[[ MATERIAL SHOWN open ]]

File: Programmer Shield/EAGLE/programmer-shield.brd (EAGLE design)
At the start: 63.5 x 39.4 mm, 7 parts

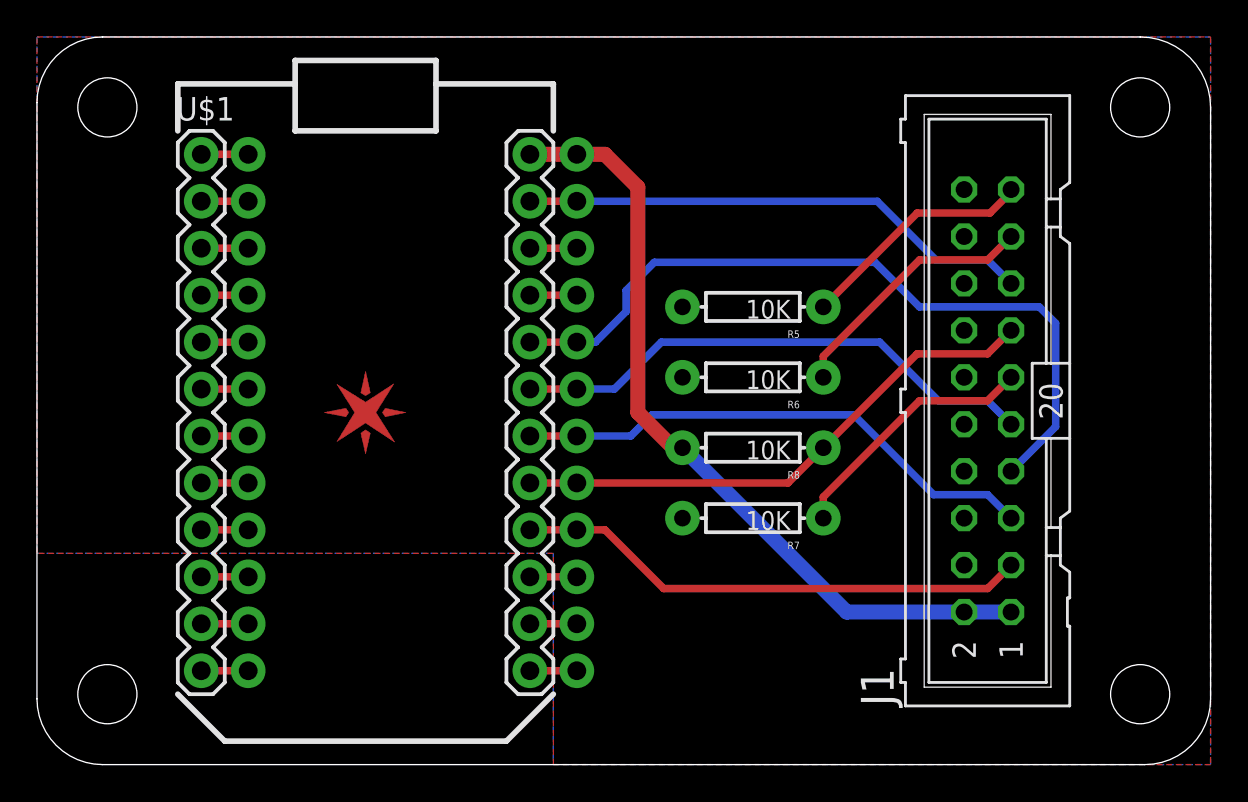
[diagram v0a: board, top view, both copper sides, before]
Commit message: updated shield BOMs and boards
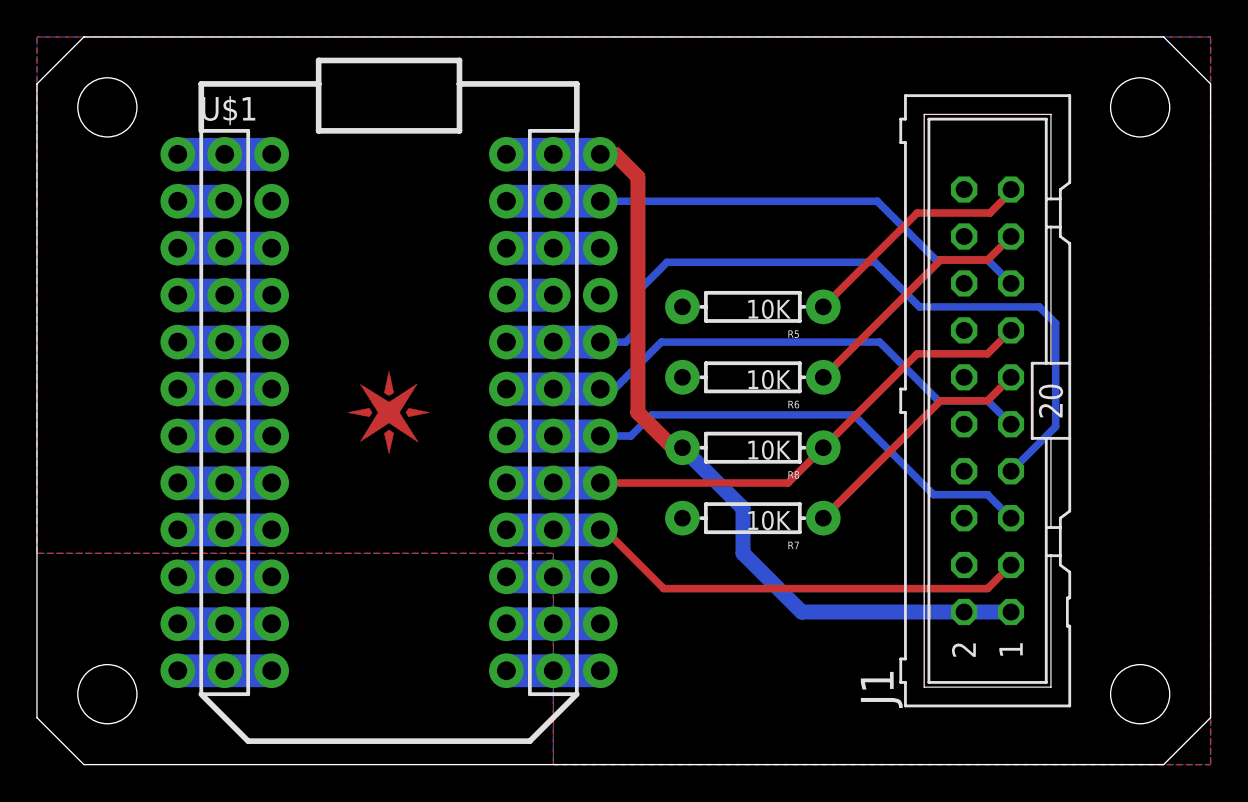
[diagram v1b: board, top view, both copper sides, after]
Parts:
- added LOGO1: OSHW-LOGOM, Spark:OSHW-LOGO-M
- moved E$1 1.27 mm to (19.1, 19.1)
- moved U$1 1.27 mm to (19.1, 19.1)
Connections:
- net !RST: now also U$1.#23
- net +3V3: now also U$1.#24
- net GND: now also U$1.#2, U$1.#21
- net N$1: now also U$1.#1
- net N$10: now also U$1.#11
- net N$11: now also U$1.#12
- net N$12: now also U$1.#13
- net N$16: now also U$1.#14
- net N$17: now also U$1.#15
- net N$18: now also U$1.#22
- net N$2: now also U$1.#3
- net N$3: now also U$1.#4
- net N$4: now also U$1.#5
- net N$5: now also U$1.#6
- net N$6: now also U$1.#7
- net N$7: now also U$1.#8
- net N$8: now also U$1.#9
- net N$9: now also U$1.#10
- net TCK: now also U$1.#19
- net TDI: now also U$1.#18
- net TDO: now also U$1.#17
- net TMS: now also U$1.#20
- net TRST: now also U$1.#16
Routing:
- net TMS: track 41.3 -> 45.2 mm
- net +3V3: track 43.4 -> 46.5 mm
- net N$18: track 2.54 -> 5.08 mm
- net N$17: track 2.54 -> 5.08 mm
- net N$16: track 2.54 -> 5.08 mm
- net N$12: track 2.54 -> 5.08 mm
- net N$9: track 2.54 -> 5.08 mm
- net N$8: track 2.54 -> 5.08 mm
- net N$7: track 2.54 -> 5.08 mm
- net N$6: track 2.54 -> 5.08 mm
- net N$5: track 2.54 -> 5.08 mm
- net N$4: track 2.54 -> 5.08 mm
- net N$3: track 2.54 -> 5.08 mm
- net N$2: track 2.54 -> 5.08 mm
- net N$11: track 2.54 -> 5.08 mm
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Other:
- outline, holes or cut-outs redrawn
- board text added: "Programmer Shield v2.0 sparkdevices.com"
- board text removed: "Spark Devices JTAG Shield"

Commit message: added license info to all design files
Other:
- board text added: "Reference Designs ARE PROVIDED "AS IS" AND "WITH ALL FAULTS. SPARK LABS, INC ("SPARK") DISCLAIMS ALL OTHER WARRANTIES, EXPRESS OR IMPLIED, REGARDING PRODUCTS OR THE REFERENCE DESIGNS, INCLUDING BUT NOT LIMITED TO, ANY IMPLIED WARRANTIES OF MERCHANTABILITY, FITNESS FOR A PARTICULAR PURPOSE, OR NON-INFRINGEMENT. Spark may make changes to specifications and product descriptions at any time, without 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"
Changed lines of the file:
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@@
 <dimension x1="3.81" y1="3.81" x2="3.81" y2="35.56" x3="-2.54" y3="19.685" layer="51"/>
 <dimension x1="3.81" y1="35.56" x2="59.69" y2="35.56" x3="31.75" y3="41.91" layer="51"/>
+<text x="109.22" y="5.08" size="1.4224" layer="51">Reference Designs ARE PROVIDED "AS IS" AND "WITH ALL FAULTS. SPARK LABS, INC
+("SPARK") DISCLAIMS ALL OTHER WARRANTIES, EXPRESS OR IMPLIED, REGARDING
+PRODUCTS OR THE REFERENCE DESIGNS, INCLUDING BUT NOT LIMITED TO, ANY
+IMPLIED WARRANTIES OF MERCHANTABILITY, FITNESS FOR A PARTICULAR PURPOSE,
+OR NON-INFRINGEMENT.
+Spark may make changes to specifications and product descriptions at any
+time, without notice. The Customer must not rely on the absence or
+characteristics of any features or instructions marked "reserved" or
+"undefined." Spark reserves these for future definition and shall have
+no responsibility whatsoever for conflicts or incompatibilities arising
+from future changes to them. The product information on the Web Site or
+Materials is subject to change without notice. Do not finalize a design
+with this information.
+Spark is a registered trademark.</text>
+<wire x1="104.14" y1="0" x2="104.14" y2="38.1" width="0.4064" layer="51"/>
+<wire x1="104.14" y1="38.1" x2="208.28" y2="38.1" width="0.4064" layer="51"/>
+<wire x1="208.28" y1="38.1" x2="208.28" y2="0" width="0.4064" layer="51"/>
+<wire x1="208.28" y1="0" x2="104.14" y2="0" width="0.4064" layer="51"/>
 </plain>
 <attributes>

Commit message: updated sshield and pshield gerbers
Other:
- board text added: "Programmer Shield v2.0.1 spark.io"
- board text removed: "Programmer Shield v2.0 sparkdevices.com"
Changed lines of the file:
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@@
 <?xml version="1.0" encoding="utf-8"?>
 <!DOCTYPE eagle SYSTEM "eagle.dtd">
-<eagle version="6.3">
+<eagle version="6.5.0">
 <drawing>
 <settings>
@@
 <board>
 <plain>
-<text x="56.388" y="33.782" size="1.778" layer="22" font="vector" ratio="10" rot="MR0">Programmer Shield v2.0
-sparkdevices.com</text>
+<text x="56.388" y="33.782" size="1.778" layer="22" font="vector" ratio="10" rot="MR0">Programmer Shield v2.0.1
+spark.io</text>
 <hole x="59.69" y="35.56" drill="3.2"/>
 <hole x="59.69" y="3.81" drill="3.2"/>
 <hole x="3.81" y="3.81" drill="3.2"/>
 <hole x="3.81" y="35.56" drill="3.2"/>
-<dimension x1="0" y1="-2.54" x2="63.5" y2="-2.54" x3="31.75" y3="-6.35" layer="51"/>
-<dimension x1="63.5" y1="0" x2="63.5" y2="39.37" x3="69.85" y3="19.685" layer="51"/>
+<dimension x1="0" y1="-2.54" x2="63.5" y2="-2.54" x3="31.75" y3="-6.35" textsize="3.5" layer="51"/>
+<dimension x1="63.5" y1="0" x2="63.5" y2="39.37" x3="69.85" y3="19.685" textsize="3.5" layer="51"/>
 <wire x1="2.54" y1="0" x2="0" y2="2.54" width="0" layer="20"/>
 <wire x1="0" y1="36.83" x2="2.54" y2="39.37" width="0" layer="20"/>
@@
 <wire x1="2.54" y1="39.37" x2="60.96" y2="39.37" width="0" layer="20"/>
 <wire x1="0" y1="2.54" x2="0" y2="36.83" width="0" layer="20"/>
-<dimension x1="3.81" y1="3.81" x2="3.81" y2="35.56" x3="-2.54" y3="19.685" layer="51"/>
-<dimension x1="3.81" y1="35.56" x2="59.69" y2="35.56" x3="31.75" y3="41.91" layer="51"/>
+<dimension x1="3.81" y1="3.81" x2="3.81" y2="35.56" x3="-2.54" y3="19.685" textsize="3.5" layer="51"/>
+<dimension x1="3.81" y1="35.56" x2="59.69" y2="35.56" x3="31.75" y3="41.91" textsize="3.5" layer="51"/>
 <text x="109.22" y="5.08" size="1.4224" layer="51">Reference Designs ARE PROVIDED "AS IS" AND "WITH ALL FAULTS. SPARK LABS, INC
 ("SPARK") DISCLAIMS ALL OTHER WARRANTIES, EXPRESS OR IMPLIED, REGARDING

[[ MATERIAL SHOWN closed ]]

GOAL OF THE EXERCISE = Make an exact copy of every entry above, minus the images.

RESPONSE TO THE EXERCISE =
File: Programmer Shield/EAGLE/programmer-shield.brd (EAGLE design)
At the start: 63.5 x 39.4 mm, 7 parts

[diagram v0a: board, top view, both copper sides, before]
Commit message: updated shield BOMs and boards
[diagram v1b: board, top view, both copper sides, after]
Parts:
- added LOGO1: OSHW-LOGOM, Spark:OSHW-LOGO-M
- moved E$1 1.27 mm to (19.1, 19.1)
- moved U$1 1.27 mm to (19.1, 19.1)
Connections:
- net !RST: now also U$1.#23
- net +3V3: now also U$1.#24
- net GND: now also U$1.#2, U$1.#21
- net N$1: now also U$1.#1
- net N$10: now also U$1.#11
- net N$11: now also U$1.#12
- net N$12: now also U$1.#13
- net N$16: now also U$1.#14
- net N$17: now also U$1.#15
- net N$18: now also U$1.#22
- net N$2: now also U$1.#3
- net N$3: now also U$1.#4
- net N$4: now also U$1.#5
- net N$5: now also U$1.#6
- net N$6: now also U$1.#7
- net N$7: now also U$1.#8
- net N$8: now also U$1.#9
- net N$9: now also U$1.#10
- net TCK: now also U$1.#19
- net TDI: now also U$1.#18
- net TDO: now also U$1.#17
- net TMS: now also U$1.#20
- net TRST: now also U$1.#16
Routing:
- net TMS: track 41.3 -> 45.2 mm
- net +3V3: track 43.4 -> 46.5 mm
- net N$18: track 2.54 -> 5.08 mm
- net N$17: track 2.54 -> 5.08 mm
- net N$16: track 2.54 -> 5.08 mm
- net N$12: track 2.54 -> 5.08 mm
- net N$9: track 2.54 -> 5.08 mm
- net N$8: track 2.54 -> 5.08 mm
- net N$7: track 2.54 -> 5.08 mm
- net N$6: track 2.54 -> 5.08 mm
- net N$5: track 2.54 -> 5.08 mm
- net N$4: track 2.54 -> 5.08 mm
- net N$3: track 2.54 -> 5.08 mm
- net N$2: track 2.54 -> 5.08 mm
- net N$11: track 2.54 -> 5.08 mm
Other:
- outline, holes or cut-outs redrawn
- board text added: "Programmer Shield v2.0 sparkdevices.com"
- board text removed: "Spark Devices JTAG Shield"

Commit message: added license info to all design files
Other:
- board text added: "Reference Designs ARE PROVIDED "AS IS" AND "WITH ALL FAULTS. SPARK LABS, INC ("SPARK") DISCLAIMS ALL OTHER WARRANTIES, EXPRESS OR IMPLIED, REGARDING PRODUCTS OR THE REFERENCE DESIGNS, INCLUDING BUT NOT LIMITED TO, ANY IMPLIED WARRANTIES OF MERCHANTABILITY, FITNESS FOR A PARTICULAR PURPOSE, OR NON-INFRINGEMENT. Spark may make changes to specifications and product descriptions at any time, without "
Changed lines of the file:
@@
 <dimension x1="3.81" y1="3.81" x2="3.81" y2="35.56" x3="-2.54" y3="19.685" layer="51"/>
 <dimension x1="3.81" y1="35.56" x2="59.69" y2="35.56" x3="31.75" y3="41.91" layer="51"/>
+<text x="109.22" y="5.08" size="1.4224" layer="51">Reference Designs ARE PROVIDED "AS IS" AND "WITH ALL FAULTS. SPARK LABS, INC
+("SPARK") DISCLAIMS ALL OTHER WARRANTIES, EXPRESS OR IMPLIED, REGARDING
+PRODUCTS OR THE REFERENCE DESIGNS, INCLUDING BUT NOT LIMITED TO, ANY
+IMPLIED WARRANTIES OF MERCHANTABILITY, FITNESS FOR A PARTICULAR PURPOSE,
+OR NON-INFRINGEMENT.
+Spark may make changes to specifications and product descriptions at any
+time, without notice. The Customer must not rely on the absence or
+characteristics of any features or instructions marked "reserved" or
+"undefined." Spark reserves these for future definition and shall have
+no responsibility whatsoever for conflicts or incompatibilities arising
+from future changes to them. The product information on the Web Site or
+Materials is subject to change without notice. Do not finalize a design
+with this information.
+Spark is a registered trademark.</text>
+<wire x1="104.14" y1="0" x2="104.14" y2="38.1" width="0.4064" layer="51"/>
+<wire x1="104.14" y1="38.1" x2="208.28" y2="38.1" width="0.4064" layer="51"/>
+<wire x1="208.28" y1="38.1" x2="208.28" y2="0" width="0.4064" layer="51"/>
+<wire x1="208.28" y1="0" x2="104.14" y2="0" width="0.4064" layer="51"/>
 </plain>
 <attributes>

Commit message: updated sshield and pshield gerbers
Other:
- board text added: "Programmer Shield v2.0.1 spark.io"
- board text removed: "Programmer Shield v2.0 sparkdevices.com"
Changed lines of the file:
@@
 <?xml version="1.0" encoding="utf-8"?>
 <!DOCTYPE eagle SYSTEM "eagle.dtd">
-<eagle version="6.3">
+<eagle version="6.5.0">
 <drawing>
 <settings>
@@
 <board>
 <plain>
-<text x="56.388" y="33.782" size="1.778" layer="22" font="vector" ratio="10" rot="MR0">Programmer Shield v2.0
-sparkdevices.com</text>
+<text x="56.388" y="33.782" size="1.778" layer="22" font="vector" ratio="10" rot="MR0">Programmer Shield v2.0.1
+spark.io</text>
 <hole x="59.69" y="35.56" drill="3.2"/>
 <hole x="59.69" y="3.81" drill="3.2"/>
 <hole x="3.81" y="3.81" drill="3.2"/>
 <hole x="3.81" y="35.56" drill="3.2"/>
-<dimension x1="0" y1="-2.54" x2="63.5" y2="-2.54" x3="31.75" y3="-6.35" layer="51"/>
-<dimension x1="63.5" y1="0" x2="63.5" y2="39.37" x3="69.85" y3="19.685" layer="51"/>
+<dimension x1="0" y1="-2.54" x2="63.5" y2="-2.54" x3="31.75" y3="-6.35" textsize="3.5" layer="51"/>
+<dimension x1="63.5" y1="0" x2="63.5" y2="39.37" x3="69.85" y3="19.685" textsize="3.5" layer="51"/>
 <wire x1="2.54" y1="0" x2="0" y2="2.54" width="0" layer="20"/>
 <wire x1="0" y1="36.83" x2="2.54" y2="39.37" width="0" layer="20"/>
@@
 <wire x1="2.54" y1="39.37" x2="60.96" y2="39.37" width="0" layer="20"/>
 <wire x1="0" y1="2.54" x2="0" y2="36.83" width="0" layer="20"/>
-<dimension x1="3.81" y1="3.81" x2="3.81" y2="35.56" x3="-2.54" y3="19.685" layer="51"/>
-<dimension x1="3.81" y1="35.56" x2="59.69" y2="35.56" x3="31.75" y3="41.91" layer="51"/>
+<dimension x1="3.81" y1="3.81" x2="3.81" y2="35.56" x3="-2.54" y3="19.685" textsize="3.5" layer="51"/>
+<dimension x1="3.81" y1="35.56" x2="59.69" y2="35.56" x3="31.75" y3="41.91" textsize="3.5" layer="51"/>
 <text x="109.22" y="5.08" size="1.4224" layer="51">Reference Designs ARE PROVIDED "AS IS" AND "WITH ALL FAULTS. SPARK LABS, INC
 ("SPARK") DISCLAIMS ALL OTHER WARRANTIES, EXPRESS OR IMPLIED, REGARDING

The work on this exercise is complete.